** Opening Records for processing block **

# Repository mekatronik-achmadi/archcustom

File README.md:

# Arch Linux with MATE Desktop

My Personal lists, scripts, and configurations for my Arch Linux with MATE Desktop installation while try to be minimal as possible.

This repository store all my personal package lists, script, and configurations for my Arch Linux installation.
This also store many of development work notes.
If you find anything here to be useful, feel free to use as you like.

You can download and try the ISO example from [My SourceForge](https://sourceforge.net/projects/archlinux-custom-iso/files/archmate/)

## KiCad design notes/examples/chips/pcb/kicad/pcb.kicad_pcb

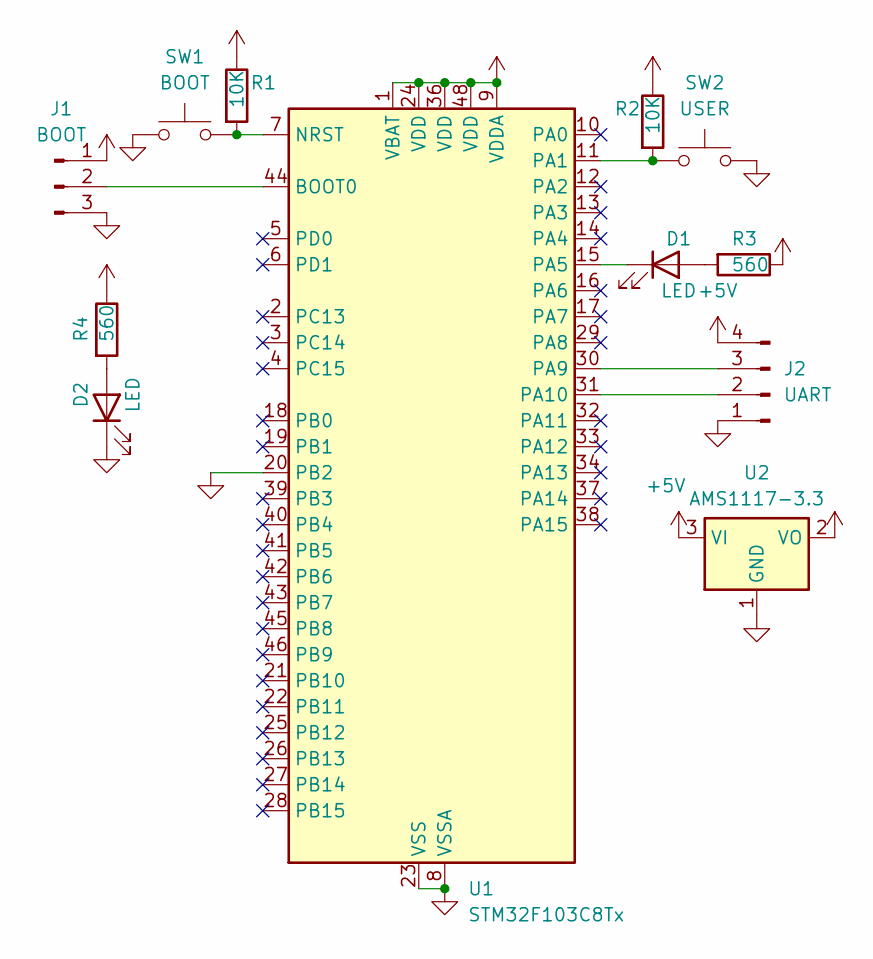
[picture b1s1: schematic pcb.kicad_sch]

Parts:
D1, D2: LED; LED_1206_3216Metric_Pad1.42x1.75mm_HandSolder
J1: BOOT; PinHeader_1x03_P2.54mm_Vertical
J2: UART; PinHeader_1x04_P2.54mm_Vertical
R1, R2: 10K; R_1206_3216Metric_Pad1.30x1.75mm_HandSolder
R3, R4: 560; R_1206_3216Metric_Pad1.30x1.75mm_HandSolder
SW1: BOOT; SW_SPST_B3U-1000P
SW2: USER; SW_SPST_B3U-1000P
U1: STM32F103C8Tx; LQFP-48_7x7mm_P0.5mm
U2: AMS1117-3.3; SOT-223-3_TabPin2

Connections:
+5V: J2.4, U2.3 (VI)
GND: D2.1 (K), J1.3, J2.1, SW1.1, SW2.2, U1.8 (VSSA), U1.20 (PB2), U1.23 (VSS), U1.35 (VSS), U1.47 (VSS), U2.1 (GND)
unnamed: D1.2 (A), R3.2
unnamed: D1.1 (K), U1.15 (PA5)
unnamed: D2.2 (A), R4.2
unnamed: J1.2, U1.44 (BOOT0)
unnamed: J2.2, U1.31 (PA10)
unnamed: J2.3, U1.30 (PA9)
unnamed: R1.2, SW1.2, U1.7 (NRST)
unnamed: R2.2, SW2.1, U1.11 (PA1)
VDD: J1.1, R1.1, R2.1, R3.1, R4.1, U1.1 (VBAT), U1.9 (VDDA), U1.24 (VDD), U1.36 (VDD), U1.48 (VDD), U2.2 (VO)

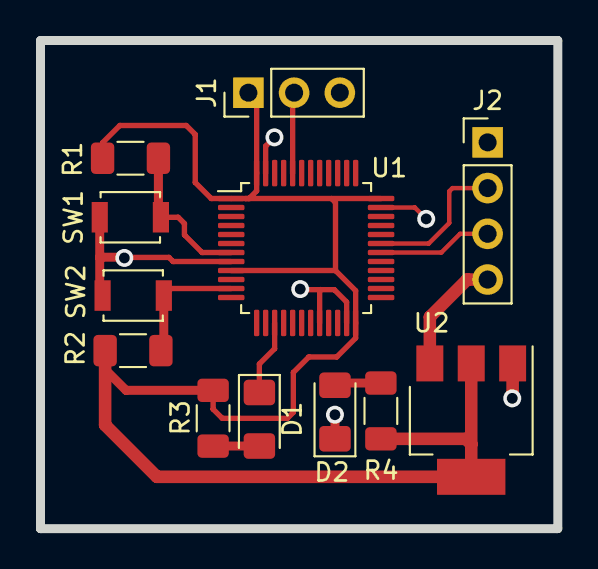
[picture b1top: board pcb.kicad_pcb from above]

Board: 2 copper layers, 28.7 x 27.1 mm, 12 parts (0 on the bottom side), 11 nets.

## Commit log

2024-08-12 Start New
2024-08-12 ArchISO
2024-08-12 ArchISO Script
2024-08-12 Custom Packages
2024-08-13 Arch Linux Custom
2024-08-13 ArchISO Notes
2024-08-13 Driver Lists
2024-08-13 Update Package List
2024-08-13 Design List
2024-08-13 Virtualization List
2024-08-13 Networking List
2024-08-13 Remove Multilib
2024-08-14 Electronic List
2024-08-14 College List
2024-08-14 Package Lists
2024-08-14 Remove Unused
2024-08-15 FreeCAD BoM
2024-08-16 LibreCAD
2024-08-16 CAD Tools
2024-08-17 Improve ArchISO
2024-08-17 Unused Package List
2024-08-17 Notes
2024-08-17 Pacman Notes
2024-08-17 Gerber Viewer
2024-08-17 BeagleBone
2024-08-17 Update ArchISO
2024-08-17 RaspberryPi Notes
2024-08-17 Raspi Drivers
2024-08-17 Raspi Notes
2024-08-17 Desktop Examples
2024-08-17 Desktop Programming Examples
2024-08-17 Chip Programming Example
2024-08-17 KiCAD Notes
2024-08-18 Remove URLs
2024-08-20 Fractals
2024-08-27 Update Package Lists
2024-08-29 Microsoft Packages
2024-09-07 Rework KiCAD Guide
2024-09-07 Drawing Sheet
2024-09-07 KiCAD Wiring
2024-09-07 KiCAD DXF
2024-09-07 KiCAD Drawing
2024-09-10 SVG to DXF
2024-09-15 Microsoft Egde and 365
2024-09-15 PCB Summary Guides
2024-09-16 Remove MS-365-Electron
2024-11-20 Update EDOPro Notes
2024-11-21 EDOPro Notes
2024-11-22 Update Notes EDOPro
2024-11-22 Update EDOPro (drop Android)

** Closing Records for processing block **

_Task requirements_
For this exercise, please output exactly the lines above starting at the line with "2024-08-12 ArchISO Script" and ending at the line with "2024-08-29 Microsoft Packages", ends included.

_Problem solution_
2024-08-12 ArchISO Script
2024-08-12 Custom Packages
2024-08-13 Arch Linux Custom
2024-08-13 ArchISO Notes
2024-08-13 Driver Lists
2024-08-13 Update Package List
2024-08-13 Design List
2024-08-13 Virtualization List
2024-08-13 Networking List
2024-08-13 Remove Multilib
2024-08-14 Electronic List
2024-08-14 College List
2024-08-14 Package Lists
2024-08-14 Remove Unused
2024-08-15 FreeCAD BoM
2024-08-16 LibreCAD
2024-08-16 CAD Tools
2024-08-17 Improve ArchISO
2024-08-17 Unused Package List
2024-08-17 Notes
2024-08-17 Pacman Notes
2024-08-17 Gerber Viewer
2024-08-17 BeagleBone
2024-08-17 Update ArchISO
2024-08-17 RaspberryPi Notes
2024-08-17 Raspi Drivers
2024-08-17 Raspi Notes
2024-08-17 Desktop Examples
2024-08-17 Desktop Programming Examples
2024-08-17 Chip Programming Example
2024-08-17 KiCAD Notes
2024-08-18 Remove URLs
2024-08-20 Fractals
2024-08-27 Update Package Lists
2024-08-29 Microsoft Packages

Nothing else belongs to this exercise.